Landowners can get a “wildlife exemption” by managing for wildlife habitat in Medina County. Improving a property for wildlife benefits native plants and animals. It can also benefit owners of agricultural land since they can maintain an a wildlife tax valuation on the land. Wildlife and habitat management is an approved agricultural practice in Medina County.
Habitat is defined as the physical and biological surroundings of wildlife and provides everything that wildlife needs to survive and reproduce. The three basic requirements of any wildlife species to survive and reproduce are food, water, and shelter. Landowners in Medina County often use these as practices for wildlife exemption.
Wildlife Management: Medina County and Beyond
Often times, landowners tend to focus on a specific wildlife species and its needs as opposed to the habitat or community in which they live. The key to managing wildlife and our natural resources is to use a holistic approach and promote healthy ecosystems. This helps animals targeted for management as well as those not targeted.
Generally, single species deserve less attention while the system in which they thrive requires more. Knowing how a system functions, and applying the techniques with which that system developed is imperative for its continued health and existence. Most people are not wildlife biologist, so finding professional help is recommended for landowners developing a wildlife management plan for their Medina County land.
Wildlife Exemption Practices for Healthy Habitat
Ecosystems, even on small acreage, are dynamic and continuously changing. Succession is the change in plant species composition and structure over time and it is succession that we as land managers are trying to manipulate. Generally the earlier the successional stage the greater the plant diversity and the greater the number of wildlife species that are benefited. This is true across Texas.

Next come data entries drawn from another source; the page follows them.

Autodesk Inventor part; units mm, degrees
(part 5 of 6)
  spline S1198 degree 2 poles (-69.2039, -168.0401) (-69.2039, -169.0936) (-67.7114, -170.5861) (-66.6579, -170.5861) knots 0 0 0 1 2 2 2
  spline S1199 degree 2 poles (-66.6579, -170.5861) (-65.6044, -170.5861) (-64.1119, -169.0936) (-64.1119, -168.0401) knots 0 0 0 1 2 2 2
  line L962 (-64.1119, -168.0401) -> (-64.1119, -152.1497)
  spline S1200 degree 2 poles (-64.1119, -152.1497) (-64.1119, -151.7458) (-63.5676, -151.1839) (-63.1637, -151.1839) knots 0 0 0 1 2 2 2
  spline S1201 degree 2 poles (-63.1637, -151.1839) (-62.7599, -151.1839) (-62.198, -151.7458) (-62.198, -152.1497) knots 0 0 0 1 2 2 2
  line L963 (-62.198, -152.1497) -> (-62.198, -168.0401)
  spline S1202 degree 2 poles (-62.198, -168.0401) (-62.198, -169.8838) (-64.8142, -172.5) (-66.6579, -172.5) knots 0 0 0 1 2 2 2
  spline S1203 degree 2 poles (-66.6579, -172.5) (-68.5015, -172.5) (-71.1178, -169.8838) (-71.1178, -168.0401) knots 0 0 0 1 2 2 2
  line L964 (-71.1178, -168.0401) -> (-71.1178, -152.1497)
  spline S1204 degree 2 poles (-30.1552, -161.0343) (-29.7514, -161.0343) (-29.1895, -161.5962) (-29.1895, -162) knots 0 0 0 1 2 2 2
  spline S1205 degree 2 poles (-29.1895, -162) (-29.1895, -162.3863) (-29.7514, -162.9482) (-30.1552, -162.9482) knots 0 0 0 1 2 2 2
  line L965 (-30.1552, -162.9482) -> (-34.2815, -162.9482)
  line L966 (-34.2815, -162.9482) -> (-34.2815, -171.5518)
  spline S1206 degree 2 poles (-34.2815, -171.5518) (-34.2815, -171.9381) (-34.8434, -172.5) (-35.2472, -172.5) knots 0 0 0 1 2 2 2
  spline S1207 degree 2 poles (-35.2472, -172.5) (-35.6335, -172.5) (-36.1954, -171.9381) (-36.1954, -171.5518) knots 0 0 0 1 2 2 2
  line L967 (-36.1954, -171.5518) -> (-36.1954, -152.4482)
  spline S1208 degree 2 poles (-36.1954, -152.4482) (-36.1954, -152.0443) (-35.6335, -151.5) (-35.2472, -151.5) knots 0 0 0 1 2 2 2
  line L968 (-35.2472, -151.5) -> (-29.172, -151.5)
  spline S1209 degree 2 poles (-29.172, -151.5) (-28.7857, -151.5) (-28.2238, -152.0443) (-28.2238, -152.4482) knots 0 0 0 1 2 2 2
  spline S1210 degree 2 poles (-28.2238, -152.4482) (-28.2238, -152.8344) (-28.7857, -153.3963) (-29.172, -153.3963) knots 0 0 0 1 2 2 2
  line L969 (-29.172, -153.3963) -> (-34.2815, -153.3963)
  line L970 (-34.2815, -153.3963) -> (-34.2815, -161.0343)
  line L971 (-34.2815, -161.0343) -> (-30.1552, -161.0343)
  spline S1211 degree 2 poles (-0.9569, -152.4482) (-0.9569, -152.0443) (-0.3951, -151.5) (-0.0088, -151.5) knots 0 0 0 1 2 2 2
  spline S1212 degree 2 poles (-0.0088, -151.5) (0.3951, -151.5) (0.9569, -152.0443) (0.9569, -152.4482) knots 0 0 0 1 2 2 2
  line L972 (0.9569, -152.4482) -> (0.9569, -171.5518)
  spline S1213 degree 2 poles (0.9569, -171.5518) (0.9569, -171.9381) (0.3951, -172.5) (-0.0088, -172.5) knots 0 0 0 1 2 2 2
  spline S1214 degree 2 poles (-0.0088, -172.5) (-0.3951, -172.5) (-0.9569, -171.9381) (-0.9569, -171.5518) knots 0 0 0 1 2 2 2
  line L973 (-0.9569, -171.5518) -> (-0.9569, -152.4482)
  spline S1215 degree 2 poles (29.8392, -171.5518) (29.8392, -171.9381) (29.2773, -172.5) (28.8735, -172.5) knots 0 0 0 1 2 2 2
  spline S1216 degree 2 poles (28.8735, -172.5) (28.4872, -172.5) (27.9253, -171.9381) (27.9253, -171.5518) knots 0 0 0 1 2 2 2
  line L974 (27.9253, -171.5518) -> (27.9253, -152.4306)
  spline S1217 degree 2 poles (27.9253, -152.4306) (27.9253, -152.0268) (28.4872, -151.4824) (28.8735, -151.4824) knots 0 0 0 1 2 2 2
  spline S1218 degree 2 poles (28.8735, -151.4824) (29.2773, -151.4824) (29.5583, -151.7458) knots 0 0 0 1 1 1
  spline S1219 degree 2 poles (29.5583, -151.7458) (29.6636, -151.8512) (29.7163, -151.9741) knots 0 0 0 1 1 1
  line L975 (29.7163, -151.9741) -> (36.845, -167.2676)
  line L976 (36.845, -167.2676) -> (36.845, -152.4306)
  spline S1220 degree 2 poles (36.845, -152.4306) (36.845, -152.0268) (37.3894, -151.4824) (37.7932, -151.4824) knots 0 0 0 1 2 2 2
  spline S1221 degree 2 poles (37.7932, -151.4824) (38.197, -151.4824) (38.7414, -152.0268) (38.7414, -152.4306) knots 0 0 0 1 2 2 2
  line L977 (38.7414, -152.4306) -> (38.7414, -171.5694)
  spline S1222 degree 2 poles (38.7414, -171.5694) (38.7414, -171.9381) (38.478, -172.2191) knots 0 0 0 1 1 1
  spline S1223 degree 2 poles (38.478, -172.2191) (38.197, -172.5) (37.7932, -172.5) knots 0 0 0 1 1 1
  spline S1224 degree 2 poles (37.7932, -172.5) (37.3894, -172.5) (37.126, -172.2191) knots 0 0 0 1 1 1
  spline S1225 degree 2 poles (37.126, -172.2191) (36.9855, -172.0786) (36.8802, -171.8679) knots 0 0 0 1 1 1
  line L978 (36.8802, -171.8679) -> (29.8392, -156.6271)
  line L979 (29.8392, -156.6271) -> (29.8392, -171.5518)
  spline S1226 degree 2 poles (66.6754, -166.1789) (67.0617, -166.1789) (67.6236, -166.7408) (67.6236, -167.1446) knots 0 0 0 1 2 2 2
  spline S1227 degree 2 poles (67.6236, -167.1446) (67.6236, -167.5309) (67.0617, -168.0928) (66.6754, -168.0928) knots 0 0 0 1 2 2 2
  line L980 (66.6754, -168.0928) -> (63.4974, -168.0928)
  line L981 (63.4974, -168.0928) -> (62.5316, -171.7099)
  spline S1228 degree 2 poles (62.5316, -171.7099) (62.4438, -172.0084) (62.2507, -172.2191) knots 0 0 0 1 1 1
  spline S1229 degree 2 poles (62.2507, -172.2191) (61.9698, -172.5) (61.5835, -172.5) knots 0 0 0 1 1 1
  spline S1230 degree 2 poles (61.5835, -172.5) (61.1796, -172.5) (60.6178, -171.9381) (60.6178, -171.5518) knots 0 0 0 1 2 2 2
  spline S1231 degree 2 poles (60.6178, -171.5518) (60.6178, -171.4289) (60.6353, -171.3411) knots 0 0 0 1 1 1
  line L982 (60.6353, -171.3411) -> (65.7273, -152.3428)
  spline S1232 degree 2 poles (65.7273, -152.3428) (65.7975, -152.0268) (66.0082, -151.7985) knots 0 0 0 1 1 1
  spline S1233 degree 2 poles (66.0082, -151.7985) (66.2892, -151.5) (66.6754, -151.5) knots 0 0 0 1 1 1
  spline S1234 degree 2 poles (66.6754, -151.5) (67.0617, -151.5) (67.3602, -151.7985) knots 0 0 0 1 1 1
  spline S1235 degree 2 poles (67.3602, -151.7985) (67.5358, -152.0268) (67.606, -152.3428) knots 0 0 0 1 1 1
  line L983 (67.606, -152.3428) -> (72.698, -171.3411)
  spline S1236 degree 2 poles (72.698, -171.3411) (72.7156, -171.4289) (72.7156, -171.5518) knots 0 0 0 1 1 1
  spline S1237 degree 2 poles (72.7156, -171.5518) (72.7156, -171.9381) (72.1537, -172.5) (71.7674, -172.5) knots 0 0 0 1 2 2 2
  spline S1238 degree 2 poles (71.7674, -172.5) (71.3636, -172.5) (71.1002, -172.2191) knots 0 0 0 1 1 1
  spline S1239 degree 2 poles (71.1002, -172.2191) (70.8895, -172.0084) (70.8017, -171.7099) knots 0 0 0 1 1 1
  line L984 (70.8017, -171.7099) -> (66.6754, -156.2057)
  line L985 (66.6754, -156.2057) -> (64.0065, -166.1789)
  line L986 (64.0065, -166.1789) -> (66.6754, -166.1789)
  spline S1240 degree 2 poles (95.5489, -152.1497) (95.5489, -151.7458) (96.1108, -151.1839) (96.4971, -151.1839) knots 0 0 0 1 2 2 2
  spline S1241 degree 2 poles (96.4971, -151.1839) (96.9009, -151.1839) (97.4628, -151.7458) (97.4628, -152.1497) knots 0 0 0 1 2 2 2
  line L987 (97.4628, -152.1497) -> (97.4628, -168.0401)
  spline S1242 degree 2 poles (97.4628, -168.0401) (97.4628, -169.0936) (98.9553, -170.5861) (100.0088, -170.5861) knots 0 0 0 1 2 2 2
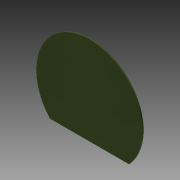
# Autodesk Inventor part: PCB
Saved by Autodesk Inventor 2015 (Build 190159000, 159)
## iProperties
Created: 2016-08-02
Part Number: PCB
Material: Generic
Document SubType Name: Modeling
Designer: James Yelland
Density: 1 g/cm^3
Appearance: Default
Author: James Yelland
Autodesk Inventor part; units mm, degrees
ref_plane "YZ Plane" through (0, 0, 0) normal (1, 0, 0) x (0, 1, 0)
ref_plane "XZ Plane" through (0, 0, 0) normal (0, 1, 0) x (-1, 0, 0)
ref_plane "XY Plane" through (0, 0, 0) normal (0, 0, 1) x (1, 0, 0)
sketch "Sketch1" plane through (0, 0, 0) normal (0, 1, 0) x (-1, 0, 0)
  line L0 (0, -60) -> (-67.082, -60)
  line L1 (0, -60) -> (67.082, -60)
  arc A0 (67.082, -60) -> (-67.082, -60) centre (0, 0) ccw
  line L2 (67.082, -60) -> (-67.082, -60)
  constraints: 6 end point, 2 point on circle, 1 centre point, 1 horizontal, 1 point on line
extrude "Extrusion1" add sketch "Sketch1" along normal blind 2
body "Solid1"

Maintaining a variety of habitat types, while at the same time promoting plant diversity in both species composition and structure within each habitat type, should be the goal of all good wildlife management programs. Landowners that maintain an ag tax valuation on their land through wildlife management use must identify and manage for at least one native wildlife species.
Wildlife Management Practices for Tax Valuation
Aldo Leopold, who is known as the “Father of Modern Wildlife Management”, authored a book in1933 titled Game Management. In this textbook Leopold wrote “…game can be restored by the creative use of the same tools which have heretofore destroyed it – ax, plow, cow, fire, and gun”. Of course, this idea holds true for both game and non-game species.
The idea should also be encouraging to landowners. Land in any state can be made better for native plants and wildlife. Habitat management is the active application of these “tools” to the land in order to promote land health and enhanced availability of the 3 basic requirements to all wildlife species.
Wildlife Exemption in Medina County
Management activities through wildlife exemption can effect plant growth, food chains, water and nutritive cycles and these impact habitat for native wildlife. Sound management creates high quality habitat for wildlife, but also leads to more stable conditions during stress periods such as droughts and winter.
Managing for native wildlife can be rewarding for landowners (in many ways) in Medina County, but we understand that preparing a wildlife management plan to file with the county appraisal district for wildlife exemption (wildlife tax valuation) can be a daunting task. Contact us and we will handle the plan preparation while you enjoy your land!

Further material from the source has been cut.